Records contained in a dataset:

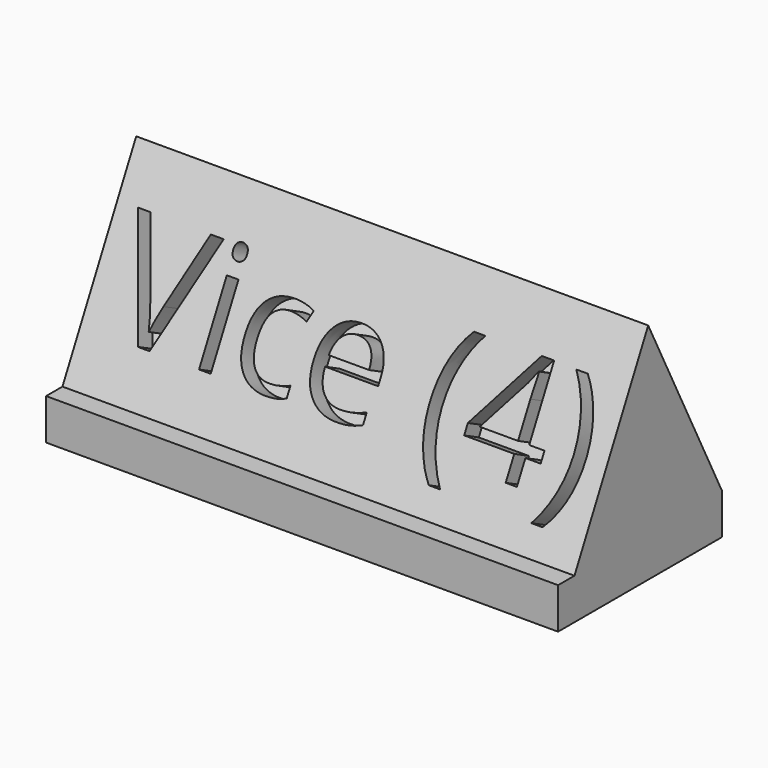
from build123d import *

# Parameters (mm, degrees)
F1_DEPTH     = 63.5
F2_TEXT_SIZE = 17.8722753346
F3_DEPTH     = 2.54


# Not quite as in the source:
# - Text() gives the source's letters only with a copy of the font that has no kerning and outlines rounded to 1/6400 em; it was checked with that copy


with BuildPart() as f1:
    # F0 (on Right) → F1 (new body)
    with BuildSketch(Plane.YZ):
        Polygon((0, 5.08), (0, 0), (25.4, 0), (25.4, 5.08), (13.97, 27.7629252964), (2.54, 5.08), align=None)
    extrude(amount=F1_DEPTH)

    # F2 (on face) → F3 (cut)
    with BuildSketch(Plane(origin=(0, -0.0158132767, 0.0079683617), x_dir=(1, 0, 0), z_dir=(0, -0.893028555, 0.45))):
        with Locations((2.54, 11.8615468184)):
            Text('Vice (4)', F2_TEXT_SIZE, font='Open Sans', text_align=(TextAlign.LEFT, TextAlign.BOTTOM))
    extrude(amount=-F3_DEPTH, mode=Mode.SUBTRACT)


solid = f1.part

• **WHAT IS BEING ASKED**:
Before answering, find the line with "with BuildPart() as" in the records above; then reproduce exactly each line from the first through that line, leaving out pictures.

• **RESPONSE**:
from build123d import *

# Parameters (mm, degrees)
F1_DEPTH     = 63.5
F2_TEXT_SIZE = 17.8722753346
F3_DEPTH     = 2.54


# Not quite as in the source:
# - Text() gives the source's letters only with a copy of the font that has no kerning and outlines rounded to 1/6400 em; it was checked with that copy


with BuildPart() as f1:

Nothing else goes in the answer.